Lista życzeń
Koszyk
Twój koszyk jest pusty
Kontynuuj zakupy

Rodzice (620 Wątki)

Czas dla mamy:)

Data utworzenia : 2013-11-23 15:52 | Ostatni komentarz 2018-10-25 22:55

konto usunięte

8360 Odsłony
193 Komentarze

Witam, proszę napiszcie czy przy opiekowaniu się maluchem macie czas by wyjść na basen , z koleżanka na kawę do kosmetyczki itp. I kto wtedy zajmuje się maluchem:)

2018-10-24 15:52

No właśnie o tym pisałem że zależy co komu pasuje. Ja nue chciałabym nie pracować i czuła bym się źle i byłabym zła o miała pretensje do męża. A Paulinie to pasuje i nie widzi nic złego

2018-10-24 15:44

Anetko mój twierdzi że to facet powinien zarobić tyle żeby utrzymać rodzinę. Sam widział jak robiłam i całe dnie mnie nie było a teraz w domu czysto dzieci dopilnować. Mi tam się podoba taki układ.

2018-10-24 15:21

Bo ja wiem czy do końca to zniewolenie? Zależy jak dls kogo i jak żyje para i jskie wyznaje zasady. Ja np jestem przeciwna wyjściom męża wieczorem z alkoholem i raczej nie wychodzi. Ja również staram się nie A jeśli to nie pije albo jedno piwo. Mąż nie umie się tak ograniczać a ha nie ufam mu pi alkoholu więc raczej nie wychodzi. Żadne z nas nie traktuje tego jak zniewolenia. Podobnie jak mąż wie że ja nie zgodzę się nigdy ns jego prace która wymagała by wyjazdów w delegację. Poprostu to wie i już.

Konto usunięte

2018-10-24 15:03

Ja już w ogóle nie rozumiem facetów. Czasami chcą naprawdę dobra dla swojej partnerki, czasami po prostu uniesienia w domu. Żeby mieć kontrolę nad tym co robi ta druga połowa. Nie zawsze jest to źle, ale też nie zawsze jest to ok. Dlatego trzeba zaufać. Wszystko zależy od człowieka i jego charakteru. W moim przypadku praca nie była problemem, ale ja nie miałam prawa spotykać się z nikim gdy w tym czasie mąż był na wyjeździe w innym mieście... po pracy najlepiej żebym wracała prosto do domu, jak miałam spotkania integracyjne zespołu po odniesieniu sukcesu to miał problem z tym, że w ramach nagrody finansowej idziemy na kolację albo na kręgle.

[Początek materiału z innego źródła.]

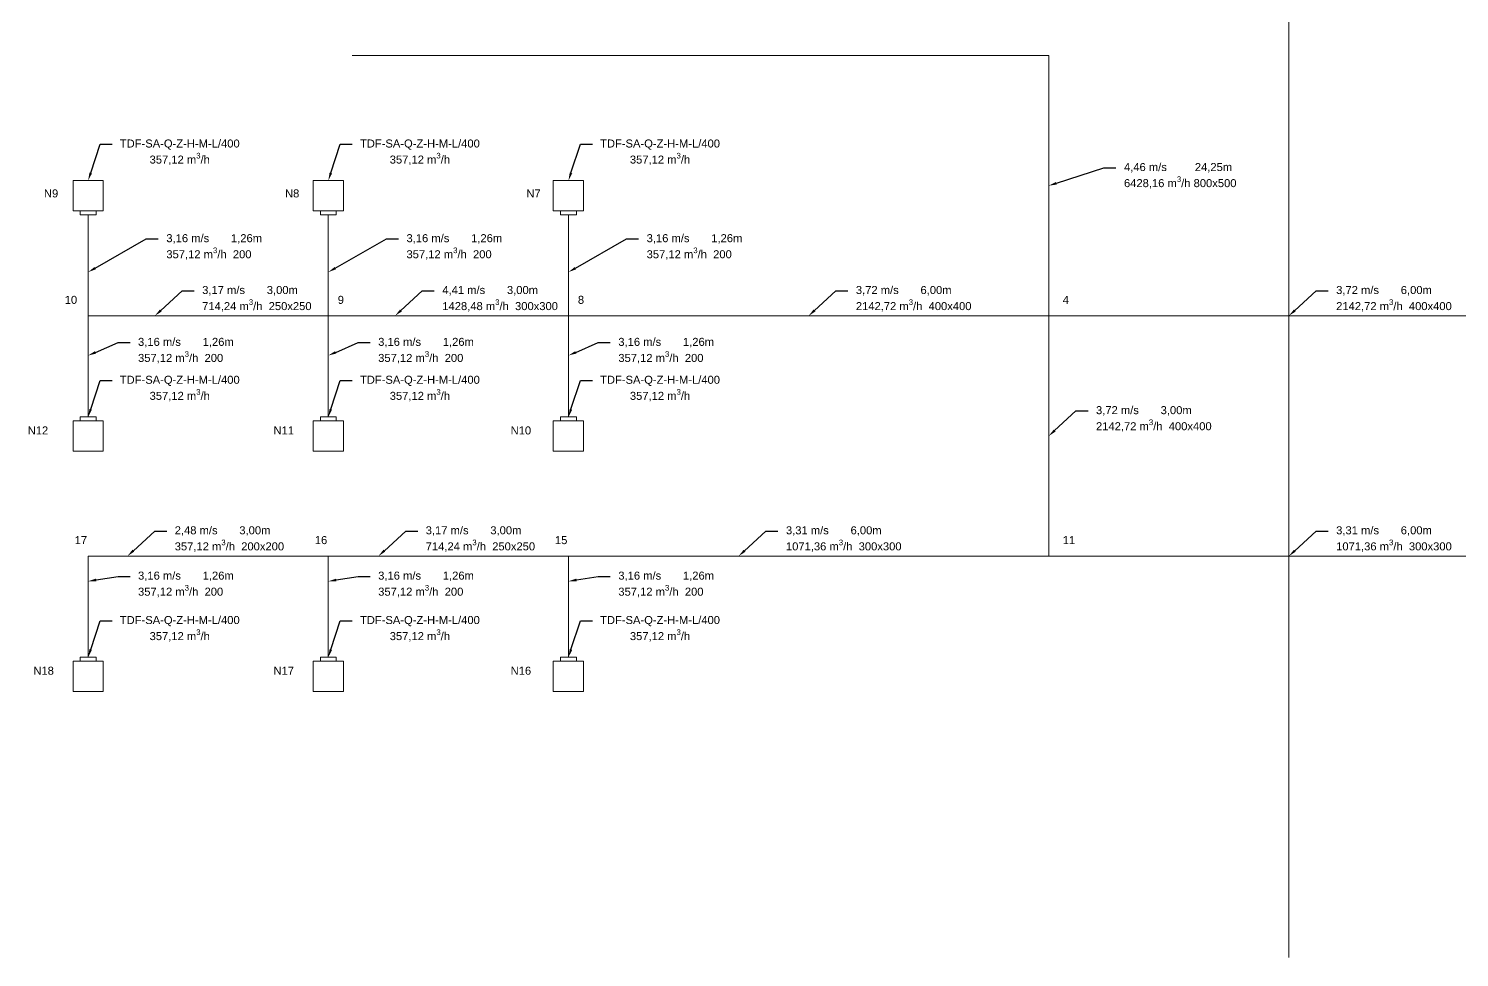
# Model space of a CAD drawing. Header units: millimetres. Extents: x 59762 to 60194, y -87842 to -87548.
# Drawn here: x 59944.85 to 59962.73, y -87729.94 to -87718.34 of the extents above; entities that cross this region are included whole.
import ezdxf
from ezdxf import colors
from ezdxf.entities.mleader import LeaderData, LeaderLine
from ezdxf.math import Vec2, Vec3

# ---------------------------------------------------------------- set-up
doc = ezdxf.new("R2010")
doc.units = ezdxf.units.MM
doc.linetypes.add('JIS_02_1.2', pattern=[2.5, 1.25, -1.25])
for name, color, linetype, lineweight in [('instalacja nawiewna', 150, 'Continuous', 20), ('nawi. aksona', 150, 'Continuous', 20), ('Nawiew opis', 150, 'Continuous', 20)]:
    doc.layers.add(name, color=color, linetype=linetype, lineweight=lineweight)
doc.layers.add('osie', color=7, linetype='JIS_02_1.2', lineweight=5, transparency=0.7)
doc.styles.add('styl1', font='arial.ttf', dxfattribs={"height": 0.08})

msp = doc.modelspace()

# ---------------------------------------------------------------- linework, layer by layer
at = {"layer": 'instalacja nawiewna', "ltscale": 20}
for p, q in [((59957.597826, -87718.676935), (59955.197826, -87718.676935)), ((59957.597826, -87721.926935), (59957.597826, -87718.676935)), ((59945.498826, -87720.665935), (59945.498826, -87720.615935)), ((59945.696826, -87720.665935), (59945.498826, -87720.665935)), ((59945.597826, -87721.926935), (59945.597826, -87720.665935)), ((59945.696826, -87720.615935), (59945.696826, -87720.665935)), ((59948.498826, -87720.665935), (59948.498826, -87720.615935)), ((59948.696826, -87720.665935), (59948.498826, -87720.665935)), ((59948.597826, -87721.926935), (59948.597826, -87720.665935)), ((59948.696826, -87720.615935), (59948.696826, -87720.665935)), ((59951.498826, -87720.665935), (59951.498826, -87720.615935)), ((59951.696826, -87720.665935), (59951.498826, -87720.665935)), ((59951.597826, -87721.926935), (59951.597826, -87720.665935)), ((59951.696826, -87720.615935), (59951.696826, -87720.665935)), ((59945.597826, -87723.187935), (59945.597826, -87721.926935)), ((59948.597826, -87721.926935), (59945.597826, -87721.926935)), ((59948.597826, -87723.187935), (59948.597826, -87721.926935)), ((59951.597826, -87721.926935), (59948.597826, -87721.926935)), ((59951.597826, -87723.187935), (59951.597826, -87721.926935)), ((59951.597826, -87721.926935), (59957.597826, -87721.926935)), ((59963.597826, -87721.926935), (59957.597826, -87721.926935)), ((59957.597826, -87724.926935), (59957.597826, -87721.926935)), ((59945.696826, -87723.187935), (59945.498826, -87723.187935)), ((59945.498826, -87723.187935), (59945.498826, -87723.237935)), ((59945.696826, -87723.237935), (59945.696826, -87723.187935)), ((59948.696826, -87723.187935), (59948.498826, -87723.187935)), ((59948.498826, -87723.187935), (59948.498826, -87723.237935)), ((59948.696826, -87723.237935), (59948.696826, -87723.187935)), ((59951.696826, -87723.187935), (59951.498826, -87723.187935)), ((59951.498826, -87723.187935), (59951.498826, -87723.237935)), ((59951.696826, -87723.237935), (59951.696826, -87723.187935)), ((59945.597826, -87726.187935), (59945.597826, -87724.926935)), ((59948.597826, -87724.926935), (59945.597826, -87724.926935)), ((59948.597826, -87726.187935), (59948.597826, -87724.926935)), ((59951.597826, -87724.926935), (59948.597826, -87724.926935)), ((59951.597826, -87724.926935), (59957.597826, -87724.926935)), ((59951.597826, -87726.187935), (59951.597826, -87724.926935)), ((59957.597826, -87724.926935), (59963.597826, -87724.926935)), ((59945.696826, -87726.187935), (59945.498826, -87726.187935)), ((59945.498826, -87726.187935), (59945.498826, -87726.237935)), ((59945.696826, -87726.237935), (59945.696826, -87726.187935)), ((59948.696826, -87726.187935), (59948.498826, -87726.187935)), ((59948.498826, -87726.187935), (59948.498826, -87726.237935)), ((59948.696826, -87726.237935), (59948.696826, -87726.187935)), ((59951.696826, -87726.187935), (59951.498826, -87726.187935)), ((59951.498826, -87726.187935), (59951.498826, -87726.237935)), ((59951.696826, -87726.237935), (59951.696826, -87726.187935))]:
    msp.add_line(p, q, dxfattribs=at)
for points in [[(59945.408826, -87720.237935), (59945.786826, -87720.237935), (59945.786826, -87720.615935), (59945.408826, -87720.615935)], [(59948.408826, -87720.237935), (59948.786826, -87720.237935), (59948.786826, -87720.615935), (59948.408826, -87720.615935)], [(59951.408826, -87720.237935), (59951.786826, -87720.237935), (59951.786826, -87720.615935), (59951.408826, -87720.615935)], [(59945.408826, -87723.237935), (59945.786826, -87723.237935), (59945.786826, -87723.615935), (59945.408826, -87723.615935)], [(59948.408826, -87723.237935), (59948.786826, -87723.237935), (59948.786826, -87723.615935), (59948.408826, -87723.615935)], [(59951.408826, -87723.237935), (59951.786826, -87723.237935), (59951.786826, -87723.615935), (59951.408826, -87723.615935)], [(59945.408826, -87726.237935), (59945.786826, -87726.237935), (59945.786826, -87726.615935), (59945.408826, -87726.615935)], [(59948.408826, -87726.237935), (59948.786826, -87726.237935), (59948.786826, -87726.615935), (59948.408826, -87726.615935)], [(59951.408826, -87726.237935), (59951.786826, -87726.237935), (59951.786826, -87726.615935), (59951.408826, -87726.615935)]]:
    msp.add_lwpolyline(points, close=True, dxfattribs=at)
at = {"layer": 'nawi. aksona', "ltscale": 20}
msp.add_line((59955.197826, -87718.676935), (59948.897826, -87718.676935), dxfattribs=at)
at = {"layer": 'osie', "ltscale": 20}
msp.add_line((59960.597826, -87729.936935), (59960.597826, -87704.936935), dxfattribs=at)

# ---------------------------------------------------------------- texts
at = {"layer": 'instalacja nawiewna', "ltscale": 20, "insert": (59945.304959, -87721.676935), "char_height": 0.1, "attachment_point": 1, "style": 'styl1'}
msp.add_mtext_dynamic_manual_height_columns('10', width=0.2, gutter_width=1, heights=[0], dxfattribs=at)
at = {"layer": 'Nawiew opis', "ltscale": 20, "char_height": 0.1, "attachment_point": 1, "style": 'styl1'}
for s, insert in [('N9', (59945.045205, -87720.348181)), ('N8', (59948.056938, -87720.348181)), ('N7', (59951.071839, -87720.348181)), ('9', (59948.715711, -87721.676935)), ('8', (59951.715711, -87721.676935)), ('4', (59957.772218, -87721.676935)), ('N12', (59944.842448, -87723.307571)), ('N11', (59947.913357, -87723.307571)), ('N10', (59950.875419, -87723.307571)), ('17', (59945.429082, -87724.676935)), ('16', (59948.429082, -87724.676935)), ('15', (59951.429082, -87724.676935)), ('11', (59957.772218, -87724.676935)), ('N18', (59944.913357, -87726.307571)), ('N17', (59947.913357, -87726.307571)), ('N16', (59950.875419, -87726.307571))]:
    msp.add_mtext_dynamic_manual_height_columns(s, width=0.2, gutter_width=1, heights=[0], dxfattribs=dict(at, insert=insert))

# ---------------------------------------------------------------- leaders
at = {"layer": 'Nawiew opis', "ltscale": 20}
ml = msp.add_multileader_mtext('Standard', dxfattribs=at)
ml.set_content('\\A1;TDF-SA-Q-Z-H-M-L/400\\P357,12 m{\\H0.7x;\\S3^ ;}/h', color=256, style='styl1')
ml.set_leader_properties()
ml.build(insert=Vec2(0, 0))
ml.multileader.update_dxf_attribs({"dogleg_length": 0.3, "arrow_head_size": 0.1})
ctx = ml.context
ctx.base_point, ctx.char_height, ctx.arrow_head_size, ctx.landing_gap_size, ctx.plane_origin = Vec3(59945.897826, -87719.784819), 0.1, 0.1, 0.1, Vec3(59945.846826, -87720.427935)
ctx.text_align_type = 1
notes = []
notes.append((ctx, [(0, (1, 1, 0), (59945.747826, -87719.784819), (1, 0), 0.15, [(0, [(59945.597826, -87720.237935)], 0, [])])]))
ctx.mtext.insert, ctx.mtext.alignment, ctx.mtext.flow_direction = Vec3(59946.741789, -87719.724928), 2, 5
ml = msp.add_multileader_mtext('Standard', dxfattribs=at)
ml.set_content('\\A1;TDF-SA-Q-Z-H-M-L/400\\P357,12 m{\\H0.7x;\\S3^ ;}/h', color=256, style='styl1')
ml.set_leader_properties()
ml.build(insert=Vec2(0, 0))
ml.multileader.update_dxf_attribs({"dogleg_length": 0.3, "arrow_head_size": 0.1})
ctx = ml.context
ctx.base_point, ctx.char_height, ctx.arrow_head_size, ctx.landing_gap_size, ctx.plane_origin = Vec3(59948.897826, -87719.784819), 0.1, 0.1, 0.1, Vec3(59948.846826, -87720.427935)
ctx.text_align_type = 1
notes.append((ctx, [(0, (1, 1, 0), (59948.747826, -87719.784819), (1, 0), 0.15, [(0, [(59948.597826, -87720.237935)], 0, [])])]))
ctx.mtext.insert, ctx.mtext.alignment, ctx.mtext.flow_direction = Vec3(59949.741789, -87719.724928), 2, 5
ml = msp.add_multileader_mtext('Standard', dxfattribs=at)
ml.set_content('\\A1;TDF-SA-Q-Z-H-M-L/400\\P357,12 m{\\H0.7x;\\S3^ ;}/h', color=256, style='styl1')
ml.set_leader_properties()
ml.build(insert=Vec2(0, 0))
ml.multileader.update_dxf_attribs({"dogleg_length": 0.3, "arrow_head_size": 0.1})
ctx = ml.context
ctx.base_point, ctx.char_height, ctx.arrow_head_size, ctx.landing_gap_size, ctx.plane_origin = Vec3(59951.897826, -87719.784819), 0.1, 0.1, 0.1, Vec3(59951.846826, -87720.427935)
ctx.text_align_type = 1
notes.append((ctx, [(0, (1, 1, 0), (59951.747826, -87719.784819), (1, 0), 0.15, [(0, [(59951.597826, -87720.237935)], 0, [])])]))
ctx.mtext.insert, ctx.mtext.alignment, ctx.mtext.flow_direction = Vec3(59952.741789, -87719.724928), 2, 5
ml = msp.add_multileader_mtext('Standard', dxfattribs=at)
ml.set_content('\\A1;4,46 m/s         24,25m\\P6428,16 m{\\H0.7x;\\S3^ ;}/h 800x500', color=256, style='styl1')
ml.set_leader_properties()
ml.build(insert=Vec2(0, 0))
ml.multileader.update_dxf_attribs({"dogleg_length": 0.15, "arrow_head_size": 0.1})
ctx = ml.context
ctx.base_point, ctx.char_height, ctx.arrow_head_size, ctx.landing_gap_size, ctx.plane_origin = Vec3(59958.437533, -87720.078918), 0.1, 0.1, 0.1, Vec3(59957.597826, -87720.301935)
notes.append((ctx, [(0, (1, 1, 0), (59958.287533, -87720.078918), (1, 0), 0.15, [(0, [(59957.597826, -87720.301935)], 0, [])])]))
ctx.mtext.insert, ctx.mtext.flow_direction = Vec3(59958.537533, -87720.019027), 5
ml = msp.add_multileader_mtext('Standard', dxfattribs=at)
ml.set_content('\\A1;3,16 m/s       1,26m\\P357,12 m{\\H0.7x;\\S3^ ;}/h  200', color=256, style='styl1')
ml.set_leader_properties()
ml.build(insert=Vec2(0, 0))
ml.multileader.update_dxf_attribs({"dogleg_length": 0.15, "arrow_head_size": 0.1})
ctx = ml.context
ctx.base_point, ctx.char_height, ctx.arrow_head_size, ctx.landing_gap_size, ctx.plane_origin = Vec3(59946.474369, -87720.966969), 0.1, 0.1, 0.1, Vec3(59945.597826, -87721.380906)
notes.append((ctx, [(0, (1, 1, 0), (59946.324369, -87720.966969), (1, 0), 0.15, [(0, [(59945.597826, -87721.380906)], 0, [])])]))
ctx.mtext.insert, ctx.mtext.flow_direction = Vec3(59946.574369, -87720.907078), 5
ml = msp.add_multileader_mtext('Standard', dxfattribs=at)
ml.set_content('\\A1;3,16 m/s       1,26m\\P357,12 m{\\H0.7x;\\S3^ ;}/h  200', color=256, style='styl1')
ml.set_leader_properties()
ml.build(insert=Vec2(0, 0))
ml.multileader.update_dxf_attribs({"dogleg_length": 0.15, "arrow_head_size": 0.1})
ctx = ml.context
ctx.base_point, ctx.char_height, ctx.arrow_head_size, ctx.landing_gap_size, ctx.plane_origin = Vec3(59949.474369, -87720.966969), 0.1, 0.1, 0.1, Vec3(59948.597826, -87721.380906)
notes.append((ctx, [(0, (1, 1, 0), (59949.324369, -87720.966969), (1, 0), 0.15, [(0, [(59948.597826, -87721.380906)], 0, [])])]))
ctx.mtext.insert, ctx.mtext.flow_direction = Vec3(59949.574369, -87720.907078), 5
ml = msp.add_multileader_mtext('Standard', dxfattribs=at)
ml.set_content('\\A1;3,16 m/s       1,26m\\P357,12 m{\\H0.7x;\\S3^ ;}/h  200', color=256, style='styl1')
ml.set_leader_properties()
ml.build(insert=Vec2(0, 0))
ml.multileader.update_dxf_attribs({"dogleg_length": 0.15, "arrow_head_size": 0.1})
ctx = ml.context
ctx.base_point, ctx.char_height, ctx.arrow_head_size, ctx.landing_gap_size, ctx.plane_origin = Vec3(59952.474369, -87720.966969), 0.1, 0.1, 0.1, Vec3(59951.597826, -87721.380906)
notes.append((ctx, [(0, (1, 1, 0), (59952.324369, -87720.966969), (1, 0), 0.15, [(0, [(59951.597826, -87721.380906)], 0, [])])]))
ctx.mtext.insert, ctx.mtext.flow_direction = Vec3(59952.574369, -87720.907078), 5
ml = msp.add_multileader_mtext('Standard', dxfattribs=at)
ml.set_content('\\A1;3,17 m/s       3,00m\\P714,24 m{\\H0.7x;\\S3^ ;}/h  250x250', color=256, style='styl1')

Więc niestety dla świętego spokoju wracałam do domu. teraz nigdy więcej nie pozwoliłaby sobie na takie zniewolenie.

2018-10-24 14:41

W sumie wyszło na jego. To, że chciał dziecko to rozumiem. Ale tego żebyś zrezygnowała z pracy to tego już nie rozumiem.

2018-10-24 12:59

My chcieliśmy ślub. Daniel chciał dziecko, chciał żebym zrezygnowała z pracy więc ubezpieczenia bym nie miała. Haha ślub wzięliśmy po 1.5 roku wspólnego mieszkania

2018-10-24 11:15

Moi rodzice to po sąsiedzku się znali. U mnie krótka znajomość nie wchodzi w grę bym się zdecydowała na wspólne życie. Ja bym chyba się już nie zdecydowała na kolejny ślub. Jak ktoś ma być razem to będzie siedzieć nawet bez ślubu.

Konto usunięte

2018-10-24 09:43

Tak jak Paulina mówi, moi rodzice widzieli się kilka razy a są już od 32 lat małżeństwem. Ja czułam, że to ten człowiek i on ponoć też- skoro się oświadczył. Czasem nie wiemy co się wydarzy po ślubie nawet po 5 latach wspólnego mieszkania. Ale tak, teraz już nie zdecydowalabym się na szybki ślub. Myślę, że w tym przypadku popełniłam ogromny błąd ufając bezgranicznie i wierząc w to co słyszę i to co widzę. Jednak człowiek potrafi pięknie udawać i grać kogoś kim nie jest. Ale na pytanie DLACZEGO raczej nie znajdę odpowiedzi.